A primarily online movement challenging notions of audience and consumption, driven by social media itself, is the phenomenon of streetwear (Rajendran,2012). The pioneers of this movement have developed an entirely new strategy within the realms of commerce which arguably rivals the traditional fashion show format, known within the wider community as the drop (Elven, 20183). The technique, which is not linked to a specific season or fashion week, of generating desire creates an ever-expanding cycle of engagement and allows the brands themselves to become more flexible and innovative whilst communicating directly with the customer. In fact, Philosopher Giles Lipovetsky even goes as far as to argue that there is evidence across history suggesting fashion techniques socialise human beings (Lipovetsky, 1994). Certainly, direct engagement seems to be a successful tactic and the identification of this type of consumer behaviour as well as the new retail strategy developed in response to it, cites social media as a generator (Elven, 2018).

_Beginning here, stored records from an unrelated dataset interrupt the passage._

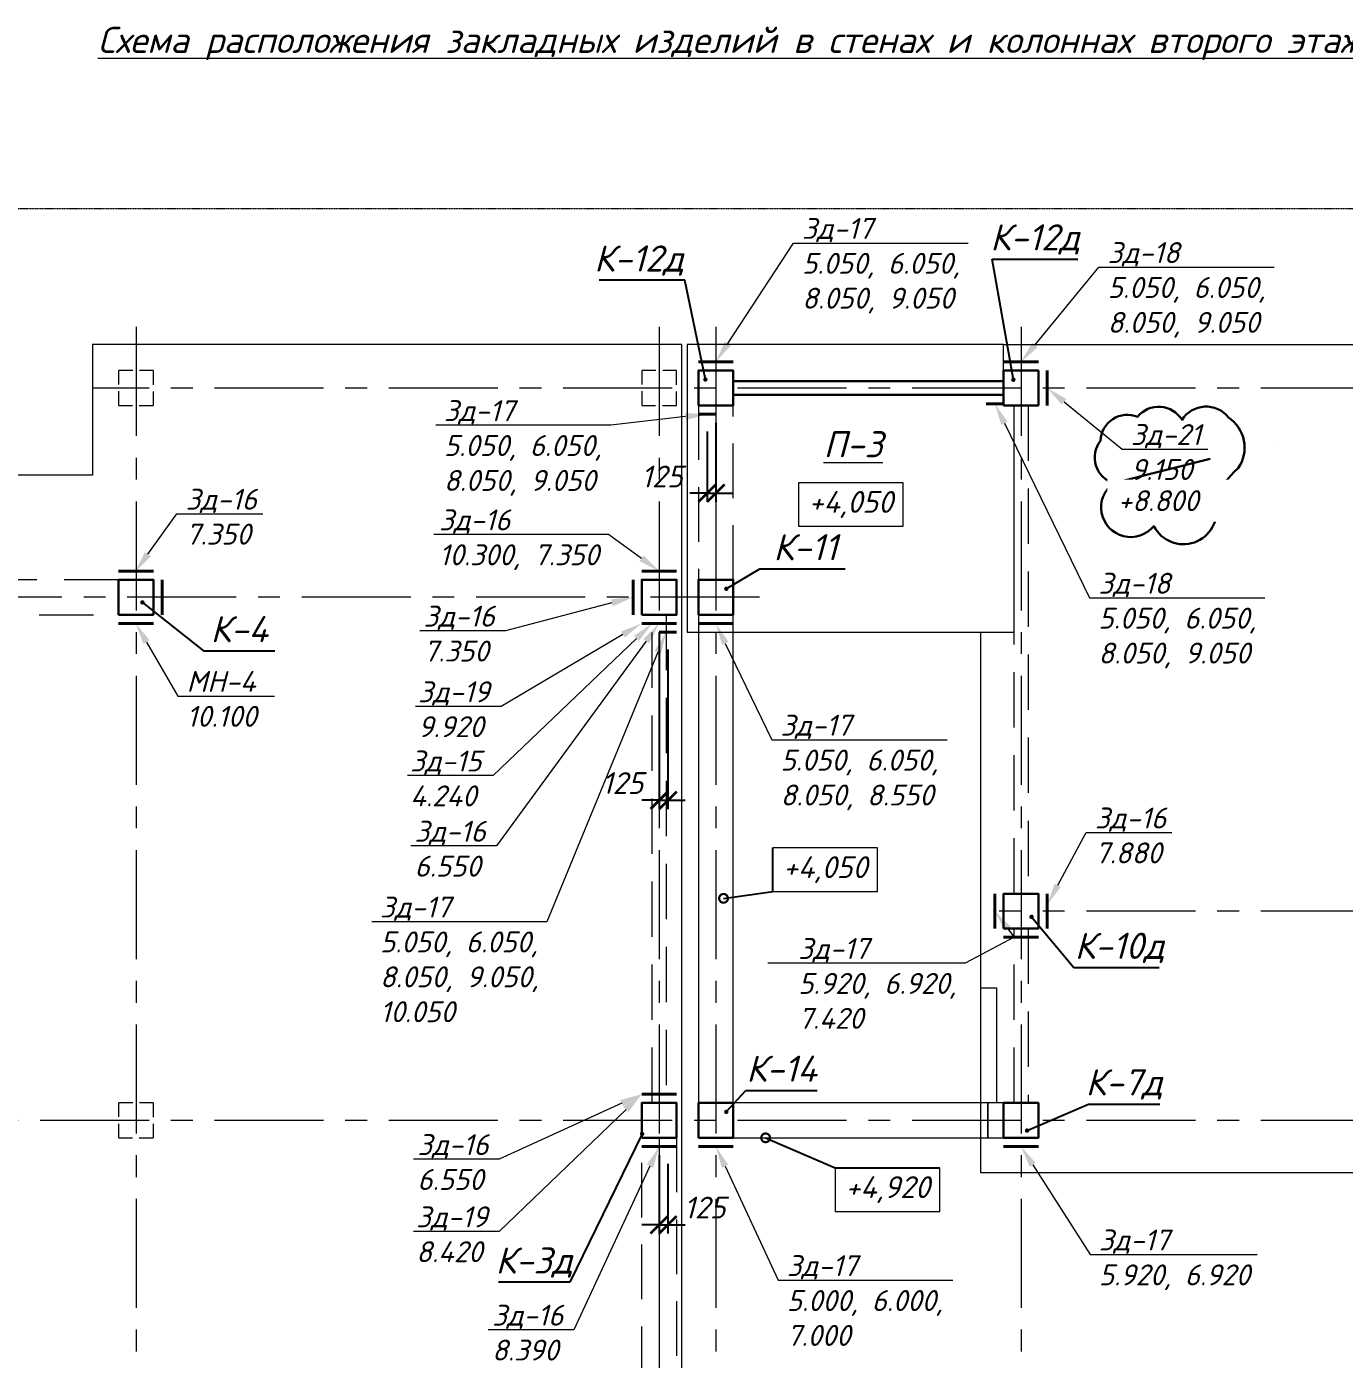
# Model space of a CAD drawing. Header units: millimetres. Extents: x -41985 to 836963, y -232665 to -4590.
# Drawn here: x 22746 to 37858, y -50947 to -35661 of the extents above; entities that cross this region are included whole.
import ezdxf
from ezdxf import colors
from ezdxf.entities.mleader import LeaderData, LeaderLine
from ezdxf.enums import TextEntityAlignment as Align
from ezdxf.math import Vec2, Vec3

# ---------------------------------------------------------------- set-up
doc = ezdxf.new("R2010")
doc.units = ezdxf.units.MM
doc.header["$PDMODE"] = 35
for name, pattern in [('CENTERX2', [4, 2.5, -0.5, 0.5, -0.5]), ('DASHED2', [0.375, 0.25, -0.125]), ('HIDDEN2', [4.7625, 3.175, -1.5875])]:
    doc.linetypes.add(name, pattern=pattern)
doc.layers.get('Defpoints').update_dxf_attribs({"color": 1, "lineweight": 0})
for name, color, linetype, lineweight in [('!!!!ИЗМ.3', 104, 'Continuous', 30), ('#Закл выноски и размеры', 7, 'Continuous', 13), ('#Закладные', 10, 'Continuous', 40), ('k_ Выноски', 7, 'Continuous', 13), ('k_ Осевая', 8, 'CENTERX2', 9), ('k_ Отметки', 251, 'Continuous', 13), ('k_ Позиции', 1, 'Continuous', 13), ('Балки', 24, 'DASHED2', 5), ('Колонна', 84, 'Continuous', 30), ('Линия пунктир', 190, 'HIDDEN2', 9), ('Линия Тонкая', 86, 'Continuous', 9), ('Перекрытие. Отм. 0.000', 214, 'Continuous', 40)]:
    doc.layers.add(name, color=color, linetype=linetype, lineweight=lineweight)
doc.styles.get("Standard").update_dxf_attribs({"font": 'isocpeur.ttf'})
doc.styles.add('STEP PR', font='isocpeui.ttf')
doc.dimstyles.get("Standard").update_dxf_attribs({"dimtxt": 0.18, "dimasz": 0.18, "dimexe": 0.18, "dimexo": 0.0625, "dimgap": 0.09, "dimtad": 0, "dimtih": 1, "dimtoh": 1, "dimdec": 4, "dimzin": 0, "dimdsep": 46, "dimtxsty": 'Standard', "dimcen": 0.09, "dimadec": 0, "dimazin": 0, "dimtfac": 1, "dimtdec": 4, "dimtofl": 0, "dimtmove": 0, "dimatfit": 3, "dimfxl": 1, "dimtolj": 1, "dimtzin": 0, "dimarcsym": 0})
doc.dimstyles.new('STEP PR', dxfattribs={"dimscale": 100, "dimtxt": 2.5, "dimasz": 2, "dimexe": 1, "dimexo": 2, "dimgap": 1, "dimtad": 1, "dimdec": 4, "dimlfac": -1, "dimtxsty": 'STEP PR', "dimblk": 'ARCHTICK', "dimcen": 2, "dimdle": 1.5, "dimclrt": 1, "dimadec": 0, "dimazin": 0, "dimtfac": 1, "dimtdec": 4, "dimtmove": 1, "dimatfit": 3, "dimldrblk": 'DOTSMALL', "dimfxl": 1, "dimtolj": 1, "dimtzin": 0, "dimarcsym": 0})

# ---------------------------------------------------------------- blocks, each defined once
blk = doc.blocks.new('*U2241')
at = {"layer": 'k_ Осевая', "ltscale": 500}
for points in [[(24000, 15100), (24000, -3900)], [(30000, 15100), (30000, -3900)], [(30650, 15100), (30650, -3900)], [(34150, 15100), (34150, -3900)], [(72150, 14400), (23500, 14400)], [(31150, 12000), (-4500, 12000)], [(72150, 8400), (33900, 8400)], [(72150, 6000), (-4500, 6000)]]:
    blk.add_lwpolyline(points, dxfattribs=at)
blk = doc.blocks.new('*U2186')
blk.add_lwpolyline([(-200, -200), (200, -200), (200, 200), (-200, 200)], close=True)
blk = doc.blocks.new('*U2187')
at = {"layer": 'Линия пунктир', "ltscale": 50}
blk.add_lwpolyline([(-200, -200), (200, -200), (200, 200), (-200, 200)], close=True, dxfattribs=at)
blk = doc.blocks.new('*U2366')
blk.add_lwpolyline([(30850, 14320), (33950, 14320), (33950, 14480), (30850, 14480)], close=True)
at = {"layer": 'Балки', "ltscale": 2500}
for points in [[(30450, 12200), (30850, 12200), (30850, 14200), (30450, 14200)], [(18200, 12200), (18200, 11800), (23800, 11800), (23800, 12200)], [(29800, 5800), (30200, 5800), (30200, 200), (29800, 200)]]:
    blk.add_lwpolyline(points, close=True, dxfattribs=at)
at = {"layer": 'Линия пунктир', "ltscale": 200}
for points in [[(34070, 14200), (34230, 14200), (34230, 8600), (34070, 8600)], [(29920, 11800), (30080, 11800), (30080, 6200), (29920, 6200)], [(34070, 8200), (34230, 8200), (34230, 6200), (34070, 6200)]]:
    blk.add_lwpolyline(points, close=True, dxfattribs=at)
at = {"layer": 'Линия Тонкая'}
for points in [[(30450, 6200), (30850, 6200), (30850, 11800), (30450, 11800)], [(30850, 5800), (33770, 5800), (33770, 6200), (30850, 6200)], [(33770, 5800), (33950, 5800), (33950, 6200), (33770, 6200)]]:
    blk.add_lwpolyline(points, close=True, dxfattribs=at)
for p in [(30650, 14400), (34150, 14400), (24000, 12000), (30000, 12000), (30650, 12000), (34150, 8400), (30000, 6000), (30650, 6000), (34150, 6000)]:
    blk.add_blockref('*U2186', p)
at = {"layer": 'Линия пунктир'}
for p in [(24000, 14400), (30000, 14400), (24000, 6000)]:
    blk.add_blockref('*U2187', p, dxfattribs=at)
blk = doc.blocks.new('_ArchTick')
at = {"color": 0, "linetype": 'ByBlock', "const_width": 0.15}
blk.add_lwpolyline([(-0.5, -0.5), (0.5, 0.5)], dxfattribs=at)
blk = doc.blocks.new('_DotSmall')
at = {"color": 0, "linetype": 'ByBlock', "const_width": 0.5}
blk.add_lwpolyline([(-0.0625, 0, 1), (0.0625, 0, 1)], format="xyb", close=True, dxfattribs=at)
blk = doc.blocks.new('REINFORCED_CONCRETE')
blk = doc.blocks.new('*D2181')
at = {"layer": '#Закл выноски и размеры', "color": 0, "lineweight": -2, "transparency": 16777216}
for p, q in [((30000, -48606), (30000, -49503)), ((30100, -48706), (30100, -49503)), ((30000, -49403), (29800, -49403)), ((30000, -49403), (30100, -49403)), ((30100, -49403), (30300, -49403))]:
    blk.add_line(p, q, dxfattribs=at)
at = {"layer": 'Defpoints', "color": 0, "transparency": 16777216}
for p in [(30000, -48406), (30100, -48506), (30100, -49403)]:
    blk.add_point(p, dxfattribs=at)
at = {"layer": '#Закл выноски и размеры', "color": 0, "lineweight": -2, "transparency": 16777216, "xscale": 200, "yscale": 200, "zscale": 200}
blk.add_blockref('_ArchTick', (30000, -49403), dxfattribs=at)
at = {"layer": '#Закл выноски и размеры', "color": 0, "lineweight": -2, "transparency": 16777216, "xscale": 200, "yscale": 200, "zscale": 200, "rotation": 180}
blk.add_blockref('_ArchTick', (30100, -49403), dxfattribs=at)
at = {"layer": '#Закл выноски и размеры', "color": 1, "transparency": 16777216, "insert": (30522, -49206), "char_height": 250, "attachment_point": 5, "style": 'STEP PR'}
blk.add_mtext('\\A1;125', dxfattribs=at)
blk = doc.blocks.new('*D2184')
at = {"layer": '#Закл выноски и размеры', "color": 0, "lineweight": -2, "transparency": 16777216}
for p, q in [((30000, -42606), (30000, -44635)), ((30100, -42806), (30100, -44635)), ((30000, -44535), (29800, -44535)), ((30000, -44535), (30100, -44535)), ((30100, -44535), (30300, -44535))]:
    blk.add_line(p, q, dxfattribs=at)
at = {"layer": 'Defpoints', "color": 0, "transparency": 16777216}
for p in [(30000, -42406), (30100, -42606), (30100, -44535)]:
    blk.add_point(p, dxfattribs=at)
at = {"layer": '#Закл выноски и размеры', "color": 0, "lineweight": -2, "transparency": 16777216, "xscale": 200, "yscale": 200, "zscale": 200}
blk.add_blockref('_ArchTick', (30000, -44535), dxfattribs=at)
at = {"layer": '#Закл выноски и размеры', "color": 0, "lineweight": -2, "transparency": 16777216, "xscale": 200, "yscale": 200, "zscale": 200, "rotation": 180}
blk.add_blockref('_ArchTick', (30100, -44535), dxfattribs=at)
at = {"layer": '#Закл выноски и размеры', "color": 1, "transparency": 16777216, "insert": (29579, -44337), "char_height": 250, "attachment_point": 5, "style": 'STEP PR'}
blk.add_mtext('\\A1;125', dxfattribs=at)
blk = doc.blocks.new('*D2185')
at = {"layer": '#Закл выноски и размеры', "color": 0, "lineweight": -2, "transparency": 16777216}
for p, q in [((30550, -40306), (30550, -41113)), ((30650, -40206), (30650, -41113)), ((30550, -41013), (30350, -41013)), ((30550, -41013), (30650, -41013)), ((30650, -41013), (30850, -41013))]:
    blk.add_line(p, q, dxfattribs=at)
at = {"layer": 'Defpoints', "color": 0, "transparency": 16777216}
for p in [(30650, -40006), (30550, -40106), (30650, -41013)]:
    blk.add_point(p, dxfattribs=at)
at = {"layer": '#Закл выноски и размеры', "color": 0, "lineweight": -2, "transparency": 16777216, "xscale": 200, "yscale": 200, "zscale": 200}
blk.add_blockref('_ArchTick', (30550, -41013), dxfattribs=at)
at = {"layer": '#Закл выноски и размеры', "color": 0, "lineweight": -2, "transparency": 16777216, "xscale": 200, "yscale": 200, "zscale": 200, "rotation": 180}
blk.add_blockref('_ArchTick', (30650, -41013), dxfattribs=at)
at = {"layer": '#Закл выноски и размеры', "color": 1, "transparency": 16777216, "insert": (30031, -40821), "char_height": 250, "attachment_point": 5, "style": 'STEP PR'}
blk.add_mtext('\\A1;125', dxfattribs=at)

msp = doc.modelspace()

# ---------------------------------------------------------------- linework, layer by layer
at = {"layer": '!!!!ИЗМ.3'}
msp.add_lwpolyline([(36527.61306, -40142.839, 0.52056705), (35996.18076, -40172.76004, 0.52056705), (35996.18076, -40172.76004, 0.52056705), (35487.20051, -40135.35927, 0.52056705), (35487.20051, -40135.35927, 0.52056705), (35060.55665, -40412.12622, 0.52056705), (35060.55665, -40412.12622, 0.52056705), (35210.25605, -40898.33939, 0.52056705), (35210.25605, -40898.33939, 1.138850238), (35672.86156, -41390.5992, 0.52056705), (35672.86156, -41390.5992, 0.8711724531), (36385.96211, -41140.86979, 0.52056705), (36385.96211, -41140.86979, -0.1567937114), (36641.97324, -40723.80353, 0.52056705), (36641.97324, -40723.80353, 0.4174855562)], format="xyb", close=True, dxfattribs=at)
msp.add_lwpolyline([(36319.52963, -40618.56314), (35210.25605, -40898.33939)], dxfattribs=at)
at = {"layer": '#Закл выноски и размеры', "color": 5}
msp.add_line((37033.50331, -40468.4571), (37033.50331, -40468.4571), dxfattribs=at)
at = {"layer": '#Закл выноски и размеры'}
msp.add_lwpolyline([(30000, -48405.94546), (30000, -54005.94546)], dxfattribs=at)
at = {"layer": '#Закладные'}
for points in [[(30450, -39505.94546), (30850, -39505.94546)], [(33950, -39505.94546), (34350, -39505.94546)], [(33950, -39985.94546), (33750, -39985.94546)], [(30650, -40105.94546), (30450, -40105.94546)], [(30000, -42605.94546), (30200, -42605.94546)], [(30450, -42505.94546), (30850, -42505.94546)], [(33850, -45605.94546), (33850, -46005.94546)], [(33950, -46105.94546), (34350, -46105.94546)], [(30000, -48505.94546), (30200, -48505.94546)], [(30450, -48505.94546), (30850, -48505.94546)], [(33950, -48505.94546), (34350, -48505.94546)]]:
    msp.add_lwpolyline(points, dxfattribs=at)
at = {"layer": '#Закладные', "color": 5}
for points in [[(34450, -39605.94546), (34450, -40005.94546)], [(23800, -41905.94546), (24200, -41905.94546)], [(24300, -42005.94546), (24300, -42405.94546)], [(29700, -42405.94546), (29700, -42005.94546)], [(29800, -41905.94546), (30200, -41905.94546)], [(23800, -42505.94546), (24200, -42505.94546)], [(29800, -42505.94546), (30200, -42505.94546)], [(34450, -45605.94546), (34450, -46005.94546)], [(29800, -47905.94546), (30200, -47905.94546)], [(29800, -48505.94546), (30200, -48505.94546)]]:
    msp.add_lwpolyline(points, dxfattribs=at)
at = {"layer": 'k_ Отметки'}
for points in [[(31598.08393, -41391.77767), (32798.08393, -41391.77767), (32798.08393, -40891.77767), (31598.08393, -40891.77767)], [(31304.32089, -45580.9281), (32504.32089, -45580.9281), (32504.32089, -45080.9281), (31304.32089, -45080.9281)], [(32019.78599, -49250.46587), (33219.78599, -49250.46587), (33219.78599, -48750.46587), (32019.78599, -48750.46587)]]:
    msp.add_lwpolyline(points, close=True, dxfattribs=at)
at = {"layer": 'Линия пунктир'}
msp.add_lwpolyline([(-14920, -46413.67032), (-14920, -42175.94546), (-3100, -40505.94546), (14900, -40205.94546), (22500, -37745.94546), (68500, -37745.94546), (74340, -39305.94546)], dxfattribs=at)
at = {"layer": 'Перекрытие. Отм. 0.000', "color": 3, "lineweight": 5}
msp.add_lwpolyline([(-1950, -44305.94546), (-1950, -48405.94546), (-600, -48405.94546), (-600, -54805.94546), (30260, -54805.94546), (30260, -48785.94546), (30260, -48785.94546), (30260, -39305.94546), (23500, -39305.94546), (23500, -40805.94546), (-600, -40805.94546), (-600, -44305.94546), (-1950, -44305.94546)], dxfattribs=at)
msp.add_lwpolyline([(30320, -42605.94546), (34070, -42605.94546), (34070, -40005.94546), (33950, -40005.94546), (33950, -39605.94546), (33950, -39605.94546), (33950, -39305.94546), (30320, -39305.94546)], close=True, dxfattribs=at)
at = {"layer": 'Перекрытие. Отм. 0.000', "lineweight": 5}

Increasingly, digital channels are being used by brands to communicate and engage audiences, from Prada’s Autumn/Winter 2018 catwalk show promoted in league with ‘Instagram’s first virtual influencer’ (Kadekova and Holienčinová 2018), to Burberry’s appropriation of a world record campaign to ‘de-throne’ Kylie Jenner as the most ‘liked’ Instagram post in 2019 (Newbold, 2019). Through a combination of drop culture, direct customer engagement and real word issues being addressed, the streetwear scene is indicative of a societal shift. Whilst physical fashion shows with front rows containing journalists and celebrities still occur, the future business model of fashion shows clearly exists elsewhere, within digital environments and without geographical restrictions. Alexandre de Betak has carved a successful career path out of producing conceptual multimedia fashion shows (Anaya, 2013) including the Jacquemus Spring/Summer 2020 show which took place in a lavender field, achieved the phenomenon of going viral (West, 2011) and was cited by The Business Of Fashion as one of the most memorable fashion images of the year (Fernandez and Guilbault, 2019). De Betak observed the drastic evolution of the fashion audience, citing the internet as a tool and changing the focus of the fashion showcase to become increasingly concerned with immediacy (Kent, 2020). Although technological ways of communicating ideas goes beyond live streaming, we are clearly moving into a more digitalised realm with the digital-first world bringing revolutionary forms of inclusivity (Lieber,2019).
With considerations of how future presentations will be consumed and taking inspiration from the streetwear movement by engaging with contemporary politics and culture: the fashion show has the potential to once again become a system of communication, leading the industry. Certainly, a digital runway experience poses interesting questions surrounding how clothing will be presented in the 2020’s, with the developing discourse between fashion and contemporary culture, the fashion show as we know it rapidly evolving.